Specifically, it is stated that, "Unfortuntaely, the tech giant has created the misunderstanding that Llama 2 is 'open source' - it is not.. Even assuming the term can be validly applied to a large language model comprising several resources of differenet kinds, Meta is confusing 'open source' with 'resources available to some users under some conditions', two very different things. We've asked them to correct their misstatement."

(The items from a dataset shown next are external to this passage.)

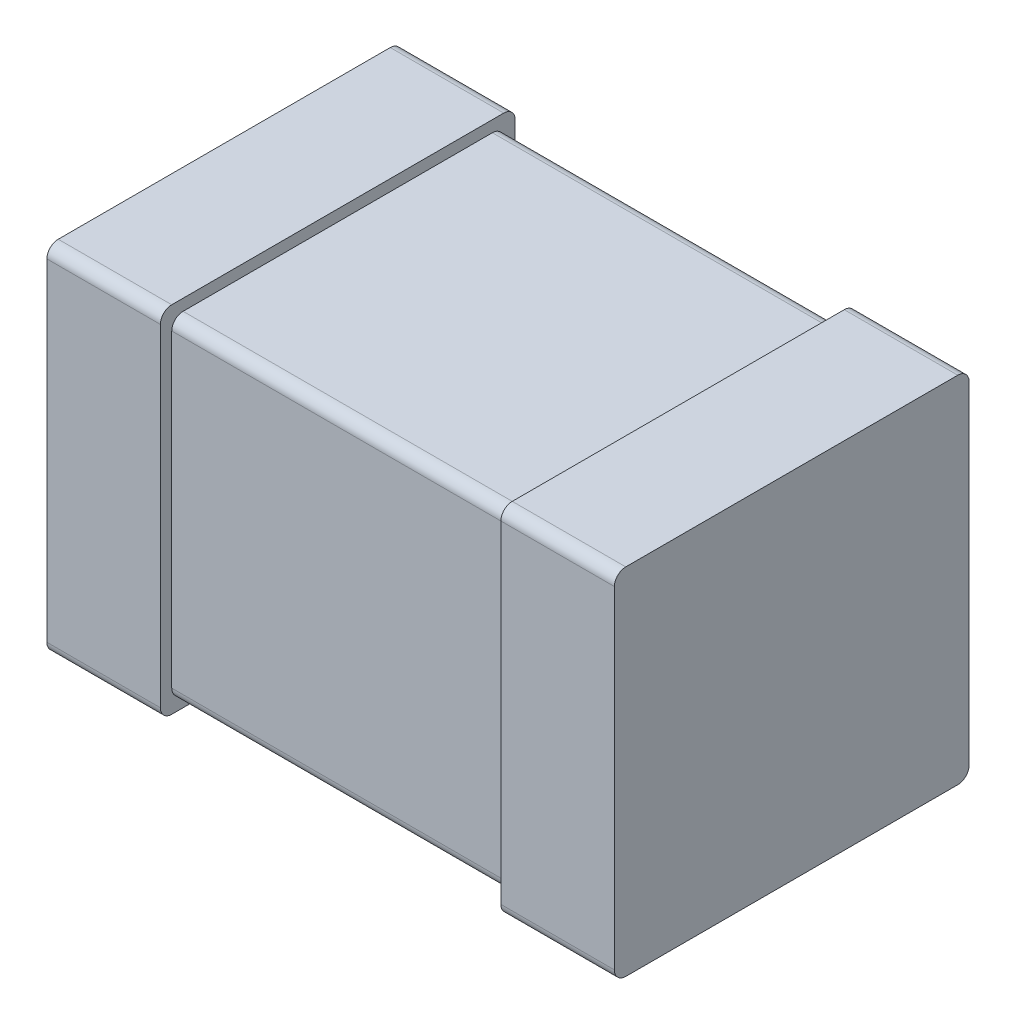
ISO-10303-21;
HEADER;
FILE_DESCRIPTION(('STEP AP214'),'2;1');
FILE_NAME('part.step','',(''),(''),'','','');
FILE_SCHEMA(('AUTOMOTIVE_DESIGN { 1 0 10303 214 1 1 1 1 }'));
ENDSEC;
DATA;
#1=APPLICATION_CONTEXT('core data for automotive mechanical design processes');
#2=APPLICATION_PROTOCOL_DEFINITION('international standard','automotive_design',2000,#1);
#3=PRODUCT_CONTEXT('',#1,'mechanical');
#4=PRODUCT('Part','Part','',(#3));
#5=PRODUCT_RELATED_PRODUCT_CATEGORY('part','',(#4));
#6=PRODUCT_DEFINITION_FORMATION('','',#4);
#7=PRODUCT_DEFINITION_CONTEXT('part definition',#1,'design');
#8=PRODUCT_DEFINITION('design','',#6,#7);
#9=PRODUCT_DEFINITION_SHAPE('','',#8);
#10=(LENGTH_UNIT() NAMED_UNIT(*) SI_UNIT(.MILLI.,.METRE.));
#11=(NAMED_UNIT(*) PLANE_ANGLE_UNIT() SI_UNIT($,.RADIAN.));
#12=(NAMED_UNIT(*) SI_UNIT($,.STERADIAN.) SOLID_ANGLE_UNIT());
#13=UNCERTAINTY_MEASURE_WITH_UNIT(LENGTH_MEASURE(1.E-05),#10,'distance_accuracy_value','');
#14=(GEOMETRIC_REPRESENTATION_CONTEXT(3) GLOBAL_UNCERTAINTY_ASSIGNED_CONTEXT((#13)) GLOBAL_UNIT_ASSIGNED_CONTEXT((#10,
#11,#12)) REPRESENTATION_CONTEXT('',''));
#15=CARTESIAN_POINT('',(0.,0.,0.));
#16=DIRECTION('',(0.,0.,1.));
#17=DIRECTION('',(1.,0.,0.));
#18=AXIS2_PLACEMENT_3D('',#15,#16,#17);
#19=CARTESIAN_POINT('',(-1.,-0.625,0.));
#20=DIRECTION('',(1.,0.,0.));
#21=DIRECTION('',(0.,1.,0.));
#22=AXIS2_PLACEMENT_3D('',#19,#20,#21);
#23=PLANE('',#22);
#24=CARTESIAN_POINT('',(-1.,-0.585,1.21));
#25=DIRECTION('',(-1.,0.,0.));
#26=DIRECTION('',(0.,0.,1.));
#27=AXIS2_PLACEMENT_3D('',#24,#25,#26);
#28=CIRCLE('',#27,0.04);
#29=CARTESIAN_POINT('',(-1.,-0.625,1.21));
#30=VERTEX_POINT('',#29);
#31=CARTESIAN_POINT('',(-1.,-0.585,1.25));
#32=VERTEX_POINT('',#31);
#33=EDGE_CURVE('E11',#30,#32,#28,.T.);
#34=ORIENTED_EDGE('',*,*,#33,.T.);
#35=DIRECTION('',(0.,1.,0.));
#36=VECTOR('',#35,1.);
#37=CARTESIAN_POINT('',(-1.,-0.625,1.25));
#38=LINE('',#37,#36);
#39=CARTESIAN_POINT('',(-1.,0.585,1.25));
#40=VERTEX_POINT('',#39);
#41=EDGE_CURVE('E27',#32,#40,#38,.T.);
#42=ORIENTED_EDGE('',*,*,#41,.T.);
#43=CARTESIAN_POINT('',(-1.,0.585,1.21));
#44=DIRECTION('',(1.,0.,0.));
#45=DIRECTION('',(0.,0.,1.));
#46=AXIS2_PLACEMENT_3D('',#43,#44,#45);
#47=CIRCLE('',#46,0.04);
#48=CARTESIAN_POINT('',(-1.,0.625,1.21));
#49=VERTEX_POINT('',#48);
#50=EDGE_CURVE('E290',#49,#40,#47,.T.);
#51=ORIENTED_EDGE('',*,*,#50,.F.);
#52=DIRECTION('',(0.,0.,1.));
#53=VECTOR('',#52,1.);
#54=CARTESIAN_POINT('',(-1.,0.625,0.));
#55=LINE('',#54,#53);
#56=CARTESIAN_POINT('',(-1.,0.625,0.04));
#57=VERTEX_POINT('',#56);
#58=EDGE_CURVE('E332',#57,#49,#55,.T.);
#59=ORIENTED_EDGE('',*,*,#58,.F.);
#60=CARTESIAN_POINT('',(-1.,0.585,0.04));
#61=DIRECTION('',(-1.,0.,0.));
#62=DIRECTION('',(0.,0.,1.));
#63=AXIS2_PLACEMENT_3D('',#60,#61,#62);
#64=CIRCLE('',#63,0.04);
#65=CARTESIAN_POINT('',(-1.,0.585,0.));
#66=VERTEX_POINT('',#65);
#67=EDGE_CURVE('E268',#57,#66,#64,.T.);
#68=ORIENTED_EDGE('',*,*,#67,.T.);
#69=DIRECTION('',(0.,1.,0.));
#70=VECTOR('',#69,1.);
#71=CARTESIAN_POINT('',(-1.,-0.625,0.));
#72=LINE('',#71,#70);
#73=CARTESIAN_POINT('',(-1.,-0.585,0.));
#74=VERTEX_POINT('',#73);
#75=EDGE_CURVE('E298',#74,#66,#72,.T.);
#76=ORIENTED_EDGE('',*,*,#75,.F.);
#77=CARTESIAN_POINT('',(-1.,-0.585,0.04));
#78=DIRECTION('',(1.,0.,0.));
#79=DIRECTION('',(0.,0.,1.));
#80=AXIS2_PLACEMENT_3D('',#77,#78,#79);
#81=CIRCLE('',#80,0.04);
#82=CARTESIAN_POINT('',(-1.,-0.625,0.04));
#83=VERTEX_POINT('',#82);
#84=EDGE_CURVE('E284',#83,#74,#81,.T.);
#85=ORIENTED_EDGE('',*,*,#84,.F.);
#86=DIRECTION('',(0.,0.,1.));
#87=VECTOR('',#86,1.);
#88=CARTESIAN_POINT('',(-1.,-0.625,0.));
#89=LINE('',#88,#87);
#90=EDGE_CURVE('E264',#83,#30,#89,.T.);
#91=ORIENTED_EDGE('',*,*,#90,.T.);
#92=EDGE_LOOP('',(#34,#42,#51,#59,#68,#76,#85,#91));
#93=FACE_BOUND('',#92,.T.);
#94=ADVANCED_FACE('F16',(#93),#23,.F.);
#95=CARTESIAN_POINT('',(-1.,-0.625,0.));
#96=DIRECTION('',(0.,1.,0.));
#97=DIRECTION('',(1.,0.,0.));
#98=AXIS2_PLACEMENT_3D('',#95,#96,#97);
#99=PLANE('',#98);
#100=DIRECTION('',(1.,0.,0.));
#101=VECTOR('',#100,1.);
#102=CARTESIAN_POINT('',(-1.,-0.625,1.21));
#103=LINE('',#102,#101);
#104=CARTESIAN_POINT('',(-0.6,-0.625,1.21));
#105=VERTEX_POINT('',#104);
#106=EDGE_CURVE('E306',#30,#105,#103,.T.);
#107=ORIENTED_EDGE('',*,*,#106,.F.);
#108=ORIENTED_EDGE('',*,*,#90,.F.);
#109=DIRECTION('',(1.,0.,0.));
#110=VECTOR('',#109,1.);
#111=CARTESIAN_POINT('',(-1.,-0.625,0.04));
#112=LINE('',#111,#110);
#113=CARTESIAN_POINT('',(-0.6,-0.625,0.04));
#114=VERTEX_POINT('',#113);
#115=EDGE_CURVE('E269',#83,#114,#112,.T.);
#116=ORIENTED_EDGE('',*,*,#115,.T.);
#117=DIRECTION('',(0.,0.,1.));
#118=VECTOR('',#117,1.);
#119=CARTESIAN_POINT('',(-0.6,-0.625,0.));
#120=LINE('',#119,#118);
#121=EDGE_CURVE('E288',#114,#105,#120,.T.);
#122=ORIENTED_EDGE('',*,*,#121,.T.);
#123=EDGE_LOOP('',(#107,#108,#116,#122));
#124=FACE_BOUND('',#123,.T.);
#125=ADVANCED_FACE('F423',(#124),#99,.F.);
#126=CARTESIAN_POINT('',(-1.,-0.585,0.04));
#127=DIRECTION('',(1.,0.,0.));
#128=DIRECTION('',(0.,-1.,0.));
#129=AXIS2_PLACEMENT_3D('',#126,#127,#128);
#130=CYLINDRICAL_SURFACE('',#129,0.04);
#131=ORIENTED_EDGE('',*,*,#84,.T.);
#132=DIRECTION('',(1.,0.,0.));
#133=VECTOR('',#132,1.);
#134=CARTESIAN_POINT('',(-1.,-0.585,0.));
#135=LINE('',#134,#133);
#136=CARTESIAN_POINT('',(-0.6,-0.585,0.));
#137=VERTEX_POINT('',#136);
#138=EDGE_CURVE('E289',#74,#137,#135,.T.);
#139=ORIENTED_EDGE('',*,*,#138,.T.);
#140=CARTESIAN_POINT('',(-0.6,-0.585,0.04));
#141=DIRECTION('',(1.,0.,0.));
#142=DIRECTION('',(0.,0.,1.));
#143=AXIS2_PLACEMENT_3D('',#140,#141,#142);
#144=CIRCLE('',#143,0.04);
#145=EDGE_CURVE('E330',#114,#137,#144,.T.);
#146=ORIENTED_EDGE('',*,*,#145,.F.);
#147=ORIENTED_EDGE('',*,*,#115,.F.);
#148=EDGE_LOOP('',(#131,#139,#146,#147));
#149=FACE_BOUND('',#148,.T.);
#150=ADVANCED_FACE('F409',(#149),#130,.T.);
#151=CARTESIAN_POINT('',(-1.,-0.585,1.21));
#152=DIRECTION('',(1.,0.,0.));
#153=DIRECTION('',(0.,-1.,0.));
#154=AXIS2_PLACEMENT_3D('',#151,#152,#153);
#155=CYLINDRICAL_SURFACE('',#154,0.04);
#156=ORIENTED_EDGE('',*,*,#106,.T.);
#157=CARTESIAN_POINT('',(-0.6,-0.585,1.21));
#158=DIRECTION('',(-1.,0.,0.));
#159=DIRECTION('',(0.,0.,1.));
#160=AXIS2_PLACEMENT_3D('',#157,#158,#159);
#161=CIRCLE('',#160,0.04);
#162=CARTESIAN_POINT('',(-0.6,-0.585,1.25));
#163=VERTEX_POINT('',#162);
#164=EDGE_CURVE('E303',#105,#163,#161,.T.);
#165=ORIENTED_EDGE('',*,*,#164,.T.);
#166=DIRECTION('',(1.,0.,0.));
#167=VECTOR('',#166,1.);
#168=CARTESIAN_POINT('',(-1.,-0.585,1.25));
#169=LINE('',#168,#167);
#170=EDGE_CURVE('E302',#32,#163,#169,.T.);
#171=ORIENTED_EDGE('',*,*,#170,.F.);
#172=ORIENTED_EDGE('',*,*,#33,.F.);
#173=EDGE_LOOP('',(#156,#165,#171,#172));
#174=FACE_BOUND('',#173,.T.);
#175=ADVANCED_FACE('F588',(#174),#155,.T.);
#176=CARTESIAN_POINT('',(-1.,-0.625,0.));
#177=DIRECTION('',(0.,0.,1.));
#178=DIRECTION('',(1.,0.,0.));
#179=AXIS2_PLACEMENT_3D('',#176,#177,#178);
#180=PLANE('',#179);
#181=DIRECTION('',(1.,0.,0.));
#182=VECTOR('',#181,1.);
#183=CARTESIAN_POINT('',(-1.,0.585,0.));
#184=LINE('',#183,#182);
#185=CARTESIAN_POINT('',(-0.6,0.585,0.));
#186=VERTEX_POINT('',#185);
#187=EDGE_CURVE('E301',#66,#186,#184,.T.);
#188=ORIENTED_EDGE('',*,*,#187,.T.);
#189=DIRECTION('',(0.,1.,0.));
#190=VECTOR('',#189,1.);
#191=CARTESIAN_POINT('',(-0.6,-0.625,0.));
#192=LINE('',#191,#190);
#193=EDGE_CURVE('E328',#137,#186,#192,.T.);
#194=ORIENTED_EDGE('',*,*,#193,.F.);
#195=ORIENTED_EDGE('',*,*,#138,.F.);
#196=ORIENTED_EDGE('',*,*,#75,.T.);
#197=EDGE_LOOP('',(#188,#194,#195,#196));
#198=FACE_BOUND('',#197,.T.);
#199=ADVANCED_FACE('F414',(#198),#180,.F.);
#200=CARTESIAN_POINT('',(-1.,-0.625,1.25));
#201=DIRECTION('',(0.,0.,1.));
#202=DIRECTION('',(1.,0.,0.));
#203=AXIS2_PLACEMENT_3D('',#200,#201,#202);
#204=PLANE('',#203);
#205=ORIENTED_EDGE('',*,*,#41,.F.);
#206=ORIENTED_EDGE('',*,*,#170,.T.);
#207=DIRECTION('',(0.,1.,0.));
#208=VECTOR('',#207,1.);
#209=CARTESIAN_POINT('',(-0.6,-0.625,1.25));
#210=LINE('',#209,#208);
#211=CARTESIAN_POINT('',(-0.6,0.585,1.25));
#212=VERTEX_POINT('',#211);
#213=EDGE_CURVE('E489',#163,#212,#210,.T.);
#214=ORIENTED_EDGE('',*,*,#213,.T.);
#215=DIRECTION('',(1.,0.,0.));
#216=VECTOR('',#215,1.);
#217=CARTESIAN_POINT('',(-1.,0.585,1.25));
#218=LINE('',#217,#216);
#219=EDGE_CURVE('E294',#40,#212,#218,.T.);
#220=ORIENTED_EDGE('',*,*,#219,.F.);
#221=EDGE_LOOP('',(#205,#206,#214,#220));
#222=FACE_BOUND('',#221,.T.);
#223=ADVANCED_FACE('F533',(#222),#204,.T.);
#224=CARTESIAN_POINT('',(-1.,0.585,0.04));
#225=DIRECTION('',(1.,0.,0.));
#226=DIRECTION('',(0.,1.,0.));
#227=AXIS2_PLACEMENT_3D('',#224,#225,#226);
#228=CYLINDRICAL_SURFACE('',#227,0.04);
#229=DIRECTION('',(1.,0.,0.));
#230=VECTOR('',#229,1.);
#231=CARTESIAN_POINT('',(-1.,0.625,0.04));
#232=LINE('',#231,#230);
#233=CARTESIAN_POINT('',(-0.6,0.625,0.04));
#234=VERTEX_POINT('',#233);
#235=EDGE_CURVE('E394',#57,#234,#232,.T.);
#236=ORIENTED_EDGE('',*,*,#235,.T.);
#237=CARTESIAN_POINT('',(-0.6,0.585,0.04));
#238=DIRECTION('',(-1.,0.,0.));
#239=DIRECTION('',(0.,0.,1.));
#240=AXIS2_PLACEMENT_3D('',#237,#238,#239);
#241=CIRCLE('',#240,0.04);
#242=EDGE_CURVE('E293',#234,#186,#241,.T.);
#243=ORIENTED_EDGE('',*,*,#242,.T.);
#244=ORIENTED_EDGE('',*,*,#187,.F.);
#245=ORIENTED_EDGE('',*,*,#67,.F.);
#246=EDGE_LOOP('',(#236,#243,#244,#245));
#247=FACE_BOUND('',#246,.T.);
#248=ADVANCED_FACE('F542',(#247),#228,.T.);
#249=CARTESIAN_POINT('',(-1.,0.585,1.21));
#250=DIRECTION('',(1.,0.,0.));
#251=DIRECTION('',(0.,1.,0.));
#252=AXIS2_PLACEMENT_3D('',#249,#250,#251);
#253=CYLINDRICAL_SURFACE('',#252,0.04);
#254=ORIENTED_EDGE('',*,*,#50,.T.);
#255=ORIENTED_EDGE('',*,*,#219,.T.);
#256=CARTESIAN_POINT('',(-0.6,0.585,1.21));
#257=DIRECTION('',(1.,0.,0.));
#258=DIRECTION('',(0.,0.,1.));
#259=AXIS2_PLACEMENT_3D('',#256,#257,#258);
#260=CIRCLE('',#259,0.04);
#261=CARTESIAN_POINT('',(-0.6,0.625,1.21));
#262=VERTEX_POINT('',#261);
#263=EDGE_CURVE('E214',#262,#212,#260,.T.);
#264=ORIENTED_EDGE('',*,*,#263,.F.);
#265=DIRECTION('',(1.,0.,0.));
#266=VECTOR('',#265,1.);
#267=CARTESIAN_POINT('',(-1.,0.625,1.21));
#268=LINE('',#267,#266);
#269=EDGE_CURVE('E335',#49,#262,#268,.T.);
#270=ORIENTED_EDGE('',*,*,#269,.F.);
#271=EDGE_LOOP('',(#254,#255,#264,#270));
#272=FACE_BOUND('',#271,.T.);
#273=ADVANCED_FACE('F535',(#272),#253,.T.);
#274=CARTESIAN_POINT('',(-1.,0.625,0.));
#275=DIRECTION('',(0.,1.,0.));
#276=DIRECTION('',(1.,0.,0.));
#277=AXIS2_PLACEMENT_3D('',#274,#275,#276);
#278=PLANE('',#277);
#279=DIRECTION('',(0.,0.,1.));
#280=VECTOR('',#279,1.);
#281=CARTESIAN_POINT('',(-0.6,0.625,0.));
#282=LINE('',#281,#280);
#283=EDGE_CURVE('E331',#234,#262,#282,.T.);
#284=ORIENTED_EDGE('',*,*,#283,.F.);
#285=ORIENTED_EDGE('',*,*,#235,.F.);
#286=ORIENTED_EDGE('',*,*,#58,.T.);
#287=ORIENTED_EDGE('',*,*,#269,.T.);
#288=EDGE_LOOP('',(#284,#285,#286,#287));
#289=FACE_BOUND('',#288,.T.);
#290=ADVANCED_FACE('F538',(#289),#278,.T.);
#291=CARTESIAN_POINT('',(-0.6,-0.625,0.));
#292=DIRECTION('',(1.,0.,0.));
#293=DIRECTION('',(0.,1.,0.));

Very specifically, they state, "Open Source is premised on the understanding that everyone gets to share no matter who you are. The commercial limitation in paragraph 2 of LLAMA COMMUNITY LICENSE AGREEMENT is contrary to that promise in the OSD."

Given this unequivocal statement by the OSI, its clear that they would find WizardCoder (under its former license structure) to fall outside of the proper definition of Open Source.

Its worth noting that the usage restrictions, even for the sake of prohibiting folks from leveraging the AI for harmful purposes, also violates the OSI's definition of open source per the OSD. I'm willing to cede on this point since it seems that AI models are being evalauted under a different definition of Open Source for some reason; that notwithstanding, it is hard to imagine that the OSI will ever agree that restricting commercial use of a model could fall under the definition of 'open source'.

Final Verdict Options

Either the model(s) have restrictive licenes and are not open source per the definition of open source adhered to by the Open Source Initiative (OSI) or they can be re-used for commercial purposes and can fairly be called open source.

As of right now, I'm not sure how anyone could intelligibly discern what licensing structure the WizardCoder model is under, which is problematic since the implications laden in the difference between 'commercial' and 'non-commercial' are significant.

I'm personally advocating for the team to place all models and their relevant assets under the same permissive license for the sake of open source and driving innovation in the AI space, in general.

ChiYeung Law · Answer 1 · Fri Aug 04 2023 16:06:50 GMT+0800 (China Standard Time)

Sorry for the inconsistencies. We are new to the License problems. Our belief is that "open-source LLM belongs to everyone". Thus, the license of WizardCoder will keep the same as StarCoder.